• [Data]
########################################

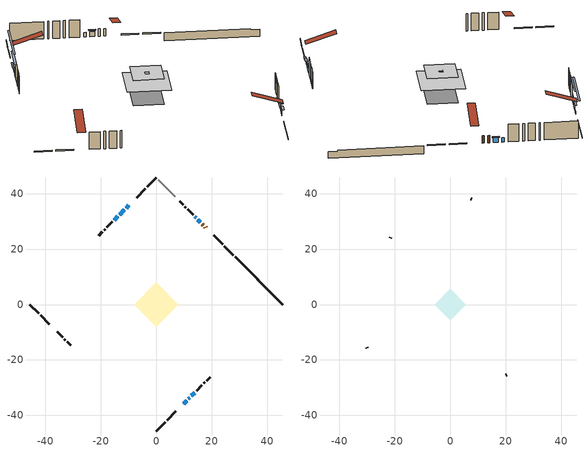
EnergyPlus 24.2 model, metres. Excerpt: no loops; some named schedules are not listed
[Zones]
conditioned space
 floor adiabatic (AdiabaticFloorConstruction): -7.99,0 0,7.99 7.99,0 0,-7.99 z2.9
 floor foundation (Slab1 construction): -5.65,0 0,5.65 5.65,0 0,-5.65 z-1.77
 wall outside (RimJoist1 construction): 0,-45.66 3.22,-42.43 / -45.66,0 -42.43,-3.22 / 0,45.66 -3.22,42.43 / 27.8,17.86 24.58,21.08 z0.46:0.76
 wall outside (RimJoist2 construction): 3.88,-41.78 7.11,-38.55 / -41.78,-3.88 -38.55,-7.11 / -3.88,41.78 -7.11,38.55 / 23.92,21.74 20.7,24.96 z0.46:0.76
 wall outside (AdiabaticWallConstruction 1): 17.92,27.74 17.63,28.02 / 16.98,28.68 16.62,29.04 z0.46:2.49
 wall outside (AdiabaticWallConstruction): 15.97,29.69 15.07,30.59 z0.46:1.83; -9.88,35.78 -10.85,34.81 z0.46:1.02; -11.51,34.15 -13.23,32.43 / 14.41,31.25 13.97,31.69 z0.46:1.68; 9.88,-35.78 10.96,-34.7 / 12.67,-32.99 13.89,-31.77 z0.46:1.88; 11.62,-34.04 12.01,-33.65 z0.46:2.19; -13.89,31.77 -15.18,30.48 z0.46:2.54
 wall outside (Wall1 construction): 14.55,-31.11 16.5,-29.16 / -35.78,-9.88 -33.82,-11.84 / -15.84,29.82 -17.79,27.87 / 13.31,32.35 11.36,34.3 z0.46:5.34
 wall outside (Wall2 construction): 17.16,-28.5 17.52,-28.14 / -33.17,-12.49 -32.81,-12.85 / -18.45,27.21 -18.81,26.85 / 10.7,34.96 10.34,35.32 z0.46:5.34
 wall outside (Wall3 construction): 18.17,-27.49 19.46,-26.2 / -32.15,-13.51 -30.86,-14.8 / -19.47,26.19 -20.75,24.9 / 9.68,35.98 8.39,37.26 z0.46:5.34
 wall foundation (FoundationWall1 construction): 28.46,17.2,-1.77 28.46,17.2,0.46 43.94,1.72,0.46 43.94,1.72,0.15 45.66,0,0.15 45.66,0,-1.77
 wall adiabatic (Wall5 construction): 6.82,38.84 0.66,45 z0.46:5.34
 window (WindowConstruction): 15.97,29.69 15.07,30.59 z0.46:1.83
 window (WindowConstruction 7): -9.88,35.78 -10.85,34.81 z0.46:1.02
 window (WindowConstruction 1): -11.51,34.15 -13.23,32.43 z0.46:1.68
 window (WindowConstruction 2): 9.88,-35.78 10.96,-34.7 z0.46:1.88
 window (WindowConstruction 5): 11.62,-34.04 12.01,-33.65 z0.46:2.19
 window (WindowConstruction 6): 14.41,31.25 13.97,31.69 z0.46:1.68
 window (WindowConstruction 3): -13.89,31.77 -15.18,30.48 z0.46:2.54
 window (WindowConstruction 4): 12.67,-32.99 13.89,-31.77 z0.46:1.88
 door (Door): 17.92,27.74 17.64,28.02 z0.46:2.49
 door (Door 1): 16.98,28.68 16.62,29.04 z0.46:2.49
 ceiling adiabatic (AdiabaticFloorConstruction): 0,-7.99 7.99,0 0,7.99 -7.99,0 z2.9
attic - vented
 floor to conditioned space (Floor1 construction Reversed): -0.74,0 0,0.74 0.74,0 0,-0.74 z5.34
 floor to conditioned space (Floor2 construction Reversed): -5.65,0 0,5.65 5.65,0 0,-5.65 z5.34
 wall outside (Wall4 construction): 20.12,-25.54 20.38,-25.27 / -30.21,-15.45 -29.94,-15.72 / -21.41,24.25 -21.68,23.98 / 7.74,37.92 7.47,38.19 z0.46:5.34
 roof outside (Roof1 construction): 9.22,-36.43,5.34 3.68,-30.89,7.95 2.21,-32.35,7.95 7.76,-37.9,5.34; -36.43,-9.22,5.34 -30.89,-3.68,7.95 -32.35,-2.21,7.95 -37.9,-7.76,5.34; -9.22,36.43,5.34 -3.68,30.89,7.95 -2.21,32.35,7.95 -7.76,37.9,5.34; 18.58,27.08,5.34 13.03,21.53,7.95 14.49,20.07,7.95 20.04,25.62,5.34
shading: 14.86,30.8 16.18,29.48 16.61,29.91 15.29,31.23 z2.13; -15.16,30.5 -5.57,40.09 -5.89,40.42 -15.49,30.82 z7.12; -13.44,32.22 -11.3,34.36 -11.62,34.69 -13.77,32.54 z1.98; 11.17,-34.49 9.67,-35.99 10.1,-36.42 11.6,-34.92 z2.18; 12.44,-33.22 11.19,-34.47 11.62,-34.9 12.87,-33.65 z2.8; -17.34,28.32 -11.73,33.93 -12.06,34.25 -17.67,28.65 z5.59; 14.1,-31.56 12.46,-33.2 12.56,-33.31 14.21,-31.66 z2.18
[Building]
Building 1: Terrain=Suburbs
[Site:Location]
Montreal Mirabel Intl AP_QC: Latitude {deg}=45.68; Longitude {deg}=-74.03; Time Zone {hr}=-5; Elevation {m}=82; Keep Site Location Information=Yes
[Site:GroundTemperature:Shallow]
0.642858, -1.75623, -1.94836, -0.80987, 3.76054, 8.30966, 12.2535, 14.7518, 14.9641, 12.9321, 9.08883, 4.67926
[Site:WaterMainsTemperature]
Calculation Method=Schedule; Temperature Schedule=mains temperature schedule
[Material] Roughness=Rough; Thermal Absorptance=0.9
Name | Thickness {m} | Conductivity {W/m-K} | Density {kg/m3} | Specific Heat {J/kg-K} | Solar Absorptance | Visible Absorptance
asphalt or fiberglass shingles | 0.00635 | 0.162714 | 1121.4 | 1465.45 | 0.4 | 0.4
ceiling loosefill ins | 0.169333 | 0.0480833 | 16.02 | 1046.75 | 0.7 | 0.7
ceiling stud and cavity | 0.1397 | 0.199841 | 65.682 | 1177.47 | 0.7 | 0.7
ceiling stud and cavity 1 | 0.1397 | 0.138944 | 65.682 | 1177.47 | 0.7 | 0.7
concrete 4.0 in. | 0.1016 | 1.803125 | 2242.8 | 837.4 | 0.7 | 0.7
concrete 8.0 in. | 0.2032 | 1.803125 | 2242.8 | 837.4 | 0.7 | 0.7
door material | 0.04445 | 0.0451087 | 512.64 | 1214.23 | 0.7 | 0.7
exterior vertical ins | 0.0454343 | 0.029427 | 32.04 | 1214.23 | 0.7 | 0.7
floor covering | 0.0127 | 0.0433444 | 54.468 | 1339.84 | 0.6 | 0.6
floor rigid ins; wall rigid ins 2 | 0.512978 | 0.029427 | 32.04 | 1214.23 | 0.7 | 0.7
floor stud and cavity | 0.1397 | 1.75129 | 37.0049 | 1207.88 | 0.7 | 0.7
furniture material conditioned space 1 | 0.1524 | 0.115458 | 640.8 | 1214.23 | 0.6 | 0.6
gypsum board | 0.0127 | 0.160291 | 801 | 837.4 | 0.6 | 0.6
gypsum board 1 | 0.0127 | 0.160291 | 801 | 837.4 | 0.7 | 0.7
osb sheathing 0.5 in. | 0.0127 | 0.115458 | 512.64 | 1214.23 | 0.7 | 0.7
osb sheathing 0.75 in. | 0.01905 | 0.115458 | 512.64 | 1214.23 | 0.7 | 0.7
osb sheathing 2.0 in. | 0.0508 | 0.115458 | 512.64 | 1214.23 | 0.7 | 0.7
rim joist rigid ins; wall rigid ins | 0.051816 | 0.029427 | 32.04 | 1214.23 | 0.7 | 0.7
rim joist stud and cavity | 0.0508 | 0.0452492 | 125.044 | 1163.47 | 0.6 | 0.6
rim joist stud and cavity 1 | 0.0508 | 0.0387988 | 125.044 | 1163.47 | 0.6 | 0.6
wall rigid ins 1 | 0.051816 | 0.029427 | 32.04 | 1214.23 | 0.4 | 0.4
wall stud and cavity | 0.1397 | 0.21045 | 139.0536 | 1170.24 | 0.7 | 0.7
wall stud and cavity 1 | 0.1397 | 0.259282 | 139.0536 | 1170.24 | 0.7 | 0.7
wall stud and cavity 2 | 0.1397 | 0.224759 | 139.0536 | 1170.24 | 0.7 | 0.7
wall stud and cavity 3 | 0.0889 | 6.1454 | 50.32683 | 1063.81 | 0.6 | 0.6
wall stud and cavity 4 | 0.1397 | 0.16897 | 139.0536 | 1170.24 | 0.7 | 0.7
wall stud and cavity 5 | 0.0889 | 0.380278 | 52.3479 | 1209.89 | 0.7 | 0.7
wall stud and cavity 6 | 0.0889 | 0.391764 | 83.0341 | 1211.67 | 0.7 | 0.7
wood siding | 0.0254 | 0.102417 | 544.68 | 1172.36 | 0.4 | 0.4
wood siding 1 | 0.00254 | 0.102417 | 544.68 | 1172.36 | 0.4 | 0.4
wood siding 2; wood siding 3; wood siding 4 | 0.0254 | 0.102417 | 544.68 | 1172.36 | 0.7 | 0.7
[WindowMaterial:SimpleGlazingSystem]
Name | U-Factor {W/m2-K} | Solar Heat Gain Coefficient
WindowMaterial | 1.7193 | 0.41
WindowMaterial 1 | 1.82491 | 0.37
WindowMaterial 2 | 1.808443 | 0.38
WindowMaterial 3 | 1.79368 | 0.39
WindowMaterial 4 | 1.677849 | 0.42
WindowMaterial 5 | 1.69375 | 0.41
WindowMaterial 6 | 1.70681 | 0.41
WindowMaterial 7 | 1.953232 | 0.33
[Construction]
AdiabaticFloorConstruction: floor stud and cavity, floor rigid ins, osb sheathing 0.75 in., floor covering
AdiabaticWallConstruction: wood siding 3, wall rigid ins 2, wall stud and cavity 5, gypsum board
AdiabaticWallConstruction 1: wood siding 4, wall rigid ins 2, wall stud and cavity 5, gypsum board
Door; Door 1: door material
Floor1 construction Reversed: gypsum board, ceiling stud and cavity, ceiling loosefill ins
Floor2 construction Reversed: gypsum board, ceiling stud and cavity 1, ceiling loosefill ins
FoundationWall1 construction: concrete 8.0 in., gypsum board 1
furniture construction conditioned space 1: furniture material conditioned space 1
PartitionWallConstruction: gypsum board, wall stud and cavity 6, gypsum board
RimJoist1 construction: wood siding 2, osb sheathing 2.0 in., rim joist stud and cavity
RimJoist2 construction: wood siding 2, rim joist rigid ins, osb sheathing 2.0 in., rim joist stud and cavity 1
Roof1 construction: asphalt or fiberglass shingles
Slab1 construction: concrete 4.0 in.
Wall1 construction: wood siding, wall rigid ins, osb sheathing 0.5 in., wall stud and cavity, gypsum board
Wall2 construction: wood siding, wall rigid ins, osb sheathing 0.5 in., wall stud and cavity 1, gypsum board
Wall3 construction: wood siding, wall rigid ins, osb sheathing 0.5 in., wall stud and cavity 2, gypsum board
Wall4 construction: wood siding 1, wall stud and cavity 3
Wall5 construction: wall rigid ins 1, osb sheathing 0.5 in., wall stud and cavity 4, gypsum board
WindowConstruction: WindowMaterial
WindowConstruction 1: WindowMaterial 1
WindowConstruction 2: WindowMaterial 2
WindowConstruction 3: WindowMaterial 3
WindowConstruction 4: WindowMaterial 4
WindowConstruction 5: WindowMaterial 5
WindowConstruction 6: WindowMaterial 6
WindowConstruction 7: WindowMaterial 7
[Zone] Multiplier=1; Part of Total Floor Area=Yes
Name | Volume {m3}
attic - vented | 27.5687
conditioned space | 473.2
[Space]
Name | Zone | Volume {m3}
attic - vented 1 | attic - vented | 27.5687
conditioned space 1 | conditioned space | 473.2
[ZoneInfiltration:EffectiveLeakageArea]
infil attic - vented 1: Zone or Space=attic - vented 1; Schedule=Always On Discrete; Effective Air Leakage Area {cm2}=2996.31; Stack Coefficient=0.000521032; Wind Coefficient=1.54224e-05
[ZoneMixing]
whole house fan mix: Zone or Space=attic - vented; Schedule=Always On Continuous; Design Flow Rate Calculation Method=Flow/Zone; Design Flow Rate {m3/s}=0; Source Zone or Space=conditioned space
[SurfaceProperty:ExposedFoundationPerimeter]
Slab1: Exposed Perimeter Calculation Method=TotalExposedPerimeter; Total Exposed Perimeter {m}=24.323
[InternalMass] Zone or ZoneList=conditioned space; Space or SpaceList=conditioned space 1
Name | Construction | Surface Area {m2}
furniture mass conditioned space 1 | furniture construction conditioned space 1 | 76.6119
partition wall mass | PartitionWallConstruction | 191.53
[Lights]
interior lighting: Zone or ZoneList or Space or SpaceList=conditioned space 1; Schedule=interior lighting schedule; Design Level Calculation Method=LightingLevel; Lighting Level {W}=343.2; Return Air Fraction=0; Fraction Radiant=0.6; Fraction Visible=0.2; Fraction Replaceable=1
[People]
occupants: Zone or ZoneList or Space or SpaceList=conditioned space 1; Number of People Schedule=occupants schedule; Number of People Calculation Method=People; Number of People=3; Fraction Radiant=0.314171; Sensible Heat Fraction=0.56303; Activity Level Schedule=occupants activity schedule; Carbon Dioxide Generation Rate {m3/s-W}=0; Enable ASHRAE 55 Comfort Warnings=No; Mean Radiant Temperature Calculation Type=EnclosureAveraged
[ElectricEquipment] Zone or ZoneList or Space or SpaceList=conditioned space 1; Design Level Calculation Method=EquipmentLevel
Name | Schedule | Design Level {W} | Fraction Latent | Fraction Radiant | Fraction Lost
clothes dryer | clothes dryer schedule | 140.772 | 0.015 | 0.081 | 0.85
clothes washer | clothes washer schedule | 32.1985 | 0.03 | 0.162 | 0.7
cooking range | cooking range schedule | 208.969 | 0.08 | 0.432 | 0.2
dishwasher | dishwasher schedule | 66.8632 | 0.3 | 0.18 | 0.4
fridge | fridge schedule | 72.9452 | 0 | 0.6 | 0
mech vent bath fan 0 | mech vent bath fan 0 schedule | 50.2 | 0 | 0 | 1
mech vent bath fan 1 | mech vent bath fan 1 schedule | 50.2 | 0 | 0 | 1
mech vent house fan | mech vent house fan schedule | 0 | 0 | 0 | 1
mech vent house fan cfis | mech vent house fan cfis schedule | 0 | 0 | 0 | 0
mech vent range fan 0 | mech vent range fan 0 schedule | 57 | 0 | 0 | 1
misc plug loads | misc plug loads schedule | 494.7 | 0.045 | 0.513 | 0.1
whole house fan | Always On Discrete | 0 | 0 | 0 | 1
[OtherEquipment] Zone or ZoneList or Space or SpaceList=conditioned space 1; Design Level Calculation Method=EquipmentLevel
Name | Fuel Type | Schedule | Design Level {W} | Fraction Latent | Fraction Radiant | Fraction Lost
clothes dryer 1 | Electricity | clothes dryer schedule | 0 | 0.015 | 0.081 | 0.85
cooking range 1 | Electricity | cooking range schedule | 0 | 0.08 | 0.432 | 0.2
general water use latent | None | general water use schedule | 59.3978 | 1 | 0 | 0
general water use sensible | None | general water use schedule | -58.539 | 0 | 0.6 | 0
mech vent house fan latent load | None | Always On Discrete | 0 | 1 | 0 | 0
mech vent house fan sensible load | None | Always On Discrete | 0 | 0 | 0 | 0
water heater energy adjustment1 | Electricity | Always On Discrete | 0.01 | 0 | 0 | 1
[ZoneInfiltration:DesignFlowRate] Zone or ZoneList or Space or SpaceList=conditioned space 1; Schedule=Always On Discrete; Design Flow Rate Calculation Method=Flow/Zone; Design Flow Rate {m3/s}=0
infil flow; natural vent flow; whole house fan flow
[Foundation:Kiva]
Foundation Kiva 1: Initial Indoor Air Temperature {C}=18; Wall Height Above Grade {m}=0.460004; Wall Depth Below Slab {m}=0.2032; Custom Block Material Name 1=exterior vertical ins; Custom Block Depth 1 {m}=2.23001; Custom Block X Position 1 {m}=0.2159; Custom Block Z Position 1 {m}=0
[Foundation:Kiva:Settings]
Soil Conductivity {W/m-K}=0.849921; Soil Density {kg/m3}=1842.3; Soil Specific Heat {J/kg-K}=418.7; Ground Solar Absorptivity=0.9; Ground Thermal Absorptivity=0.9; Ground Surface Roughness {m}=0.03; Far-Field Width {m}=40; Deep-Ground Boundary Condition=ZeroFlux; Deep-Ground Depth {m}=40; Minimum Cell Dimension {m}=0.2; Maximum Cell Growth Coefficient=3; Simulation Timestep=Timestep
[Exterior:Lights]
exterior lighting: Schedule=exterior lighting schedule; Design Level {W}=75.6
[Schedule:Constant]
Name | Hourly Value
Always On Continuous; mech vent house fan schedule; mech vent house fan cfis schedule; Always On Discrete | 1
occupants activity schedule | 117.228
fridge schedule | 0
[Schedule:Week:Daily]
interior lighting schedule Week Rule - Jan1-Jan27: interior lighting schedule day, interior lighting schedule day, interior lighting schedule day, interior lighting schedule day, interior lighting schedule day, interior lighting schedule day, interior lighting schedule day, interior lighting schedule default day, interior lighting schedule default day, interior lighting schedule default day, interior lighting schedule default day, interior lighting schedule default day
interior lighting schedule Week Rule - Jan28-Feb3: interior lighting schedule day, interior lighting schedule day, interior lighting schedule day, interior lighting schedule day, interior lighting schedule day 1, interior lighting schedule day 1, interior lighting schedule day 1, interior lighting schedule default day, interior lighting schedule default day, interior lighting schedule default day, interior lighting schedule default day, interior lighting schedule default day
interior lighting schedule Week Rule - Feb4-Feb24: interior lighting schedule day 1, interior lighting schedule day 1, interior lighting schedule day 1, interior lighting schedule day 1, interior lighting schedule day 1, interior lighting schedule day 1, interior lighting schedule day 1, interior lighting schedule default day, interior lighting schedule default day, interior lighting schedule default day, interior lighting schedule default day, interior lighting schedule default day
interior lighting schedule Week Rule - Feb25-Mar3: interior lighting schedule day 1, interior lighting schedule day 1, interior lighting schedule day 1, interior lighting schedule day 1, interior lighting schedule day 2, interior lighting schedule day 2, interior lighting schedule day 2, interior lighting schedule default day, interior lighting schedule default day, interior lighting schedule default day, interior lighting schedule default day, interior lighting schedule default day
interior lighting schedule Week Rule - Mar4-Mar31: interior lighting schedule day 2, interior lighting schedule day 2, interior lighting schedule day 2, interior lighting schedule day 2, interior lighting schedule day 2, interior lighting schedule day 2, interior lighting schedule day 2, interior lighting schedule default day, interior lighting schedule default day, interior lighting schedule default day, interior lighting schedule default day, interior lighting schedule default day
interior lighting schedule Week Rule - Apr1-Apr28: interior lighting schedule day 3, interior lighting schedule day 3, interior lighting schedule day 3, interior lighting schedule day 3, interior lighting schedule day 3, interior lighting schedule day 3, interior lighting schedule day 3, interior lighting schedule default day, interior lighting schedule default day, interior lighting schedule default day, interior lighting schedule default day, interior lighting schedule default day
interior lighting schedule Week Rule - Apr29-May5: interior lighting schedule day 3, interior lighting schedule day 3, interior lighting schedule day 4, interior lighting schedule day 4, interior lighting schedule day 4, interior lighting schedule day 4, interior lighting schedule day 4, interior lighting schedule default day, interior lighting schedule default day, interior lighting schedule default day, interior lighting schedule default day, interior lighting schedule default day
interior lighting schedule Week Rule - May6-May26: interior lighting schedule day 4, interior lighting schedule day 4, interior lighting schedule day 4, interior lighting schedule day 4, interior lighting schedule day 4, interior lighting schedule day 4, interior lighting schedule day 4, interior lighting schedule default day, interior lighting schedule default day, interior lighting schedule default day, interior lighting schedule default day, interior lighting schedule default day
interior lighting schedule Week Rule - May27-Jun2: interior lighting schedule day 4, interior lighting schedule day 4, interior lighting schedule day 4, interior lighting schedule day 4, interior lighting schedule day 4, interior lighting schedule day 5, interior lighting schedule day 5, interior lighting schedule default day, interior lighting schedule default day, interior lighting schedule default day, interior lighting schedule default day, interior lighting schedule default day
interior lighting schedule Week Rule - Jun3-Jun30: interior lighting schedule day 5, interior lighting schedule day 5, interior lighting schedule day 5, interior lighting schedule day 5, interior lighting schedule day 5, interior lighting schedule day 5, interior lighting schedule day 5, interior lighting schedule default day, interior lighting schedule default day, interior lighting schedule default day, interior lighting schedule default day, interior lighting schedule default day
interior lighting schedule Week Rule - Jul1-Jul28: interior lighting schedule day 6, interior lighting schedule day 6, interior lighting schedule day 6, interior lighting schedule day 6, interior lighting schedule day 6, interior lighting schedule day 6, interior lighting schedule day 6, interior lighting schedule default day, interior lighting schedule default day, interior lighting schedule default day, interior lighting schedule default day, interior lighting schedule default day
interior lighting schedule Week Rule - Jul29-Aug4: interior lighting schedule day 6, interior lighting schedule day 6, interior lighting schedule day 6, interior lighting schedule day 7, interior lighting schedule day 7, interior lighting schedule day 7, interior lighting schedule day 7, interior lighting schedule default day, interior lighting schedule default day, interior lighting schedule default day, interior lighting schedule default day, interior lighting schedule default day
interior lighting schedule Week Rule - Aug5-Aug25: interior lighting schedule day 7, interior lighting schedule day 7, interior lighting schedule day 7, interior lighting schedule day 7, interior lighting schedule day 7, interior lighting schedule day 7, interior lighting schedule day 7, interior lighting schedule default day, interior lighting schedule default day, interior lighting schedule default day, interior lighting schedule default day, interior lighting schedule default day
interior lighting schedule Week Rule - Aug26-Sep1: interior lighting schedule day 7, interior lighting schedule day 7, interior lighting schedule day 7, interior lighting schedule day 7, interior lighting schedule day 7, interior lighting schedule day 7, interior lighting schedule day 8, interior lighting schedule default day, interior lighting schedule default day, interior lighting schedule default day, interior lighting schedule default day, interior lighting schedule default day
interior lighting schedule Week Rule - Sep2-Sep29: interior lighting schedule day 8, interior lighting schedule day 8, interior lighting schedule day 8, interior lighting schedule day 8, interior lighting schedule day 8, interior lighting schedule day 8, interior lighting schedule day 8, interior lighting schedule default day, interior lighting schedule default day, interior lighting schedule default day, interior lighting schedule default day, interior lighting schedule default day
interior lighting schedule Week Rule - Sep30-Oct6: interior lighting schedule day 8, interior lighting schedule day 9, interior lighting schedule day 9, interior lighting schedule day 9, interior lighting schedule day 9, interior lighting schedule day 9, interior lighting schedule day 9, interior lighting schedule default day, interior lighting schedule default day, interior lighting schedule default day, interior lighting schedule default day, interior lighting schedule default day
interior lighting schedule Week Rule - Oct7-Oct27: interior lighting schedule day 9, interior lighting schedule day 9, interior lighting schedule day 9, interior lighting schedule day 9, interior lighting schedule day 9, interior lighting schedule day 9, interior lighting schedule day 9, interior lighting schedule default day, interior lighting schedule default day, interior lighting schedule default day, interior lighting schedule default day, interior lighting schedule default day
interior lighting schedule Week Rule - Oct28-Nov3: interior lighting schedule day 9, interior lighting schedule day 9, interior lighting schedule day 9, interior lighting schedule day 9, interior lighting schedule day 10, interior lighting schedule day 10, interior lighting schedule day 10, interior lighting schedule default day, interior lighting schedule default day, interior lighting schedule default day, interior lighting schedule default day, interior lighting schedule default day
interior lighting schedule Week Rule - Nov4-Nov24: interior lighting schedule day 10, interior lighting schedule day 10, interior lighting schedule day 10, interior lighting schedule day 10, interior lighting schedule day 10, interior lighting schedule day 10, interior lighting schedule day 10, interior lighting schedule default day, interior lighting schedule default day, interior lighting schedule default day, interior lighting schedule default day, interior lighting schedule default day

########################################

• [Prompt]
If a line in the records above includes the string "clothes", copy it.

• [Solution for this exercise]
clothes dryer | clothes dryer schedule | 140.772 | 0.015 | 0.081 | 0.85
clothes washer | clothes washer schedule | 32.1985 | 0.03 | 0.162 | 0.7
clothes dryer 1 | Electricity | clothes dryer schedule | 0 | 0.015 | 0.081 | 0.85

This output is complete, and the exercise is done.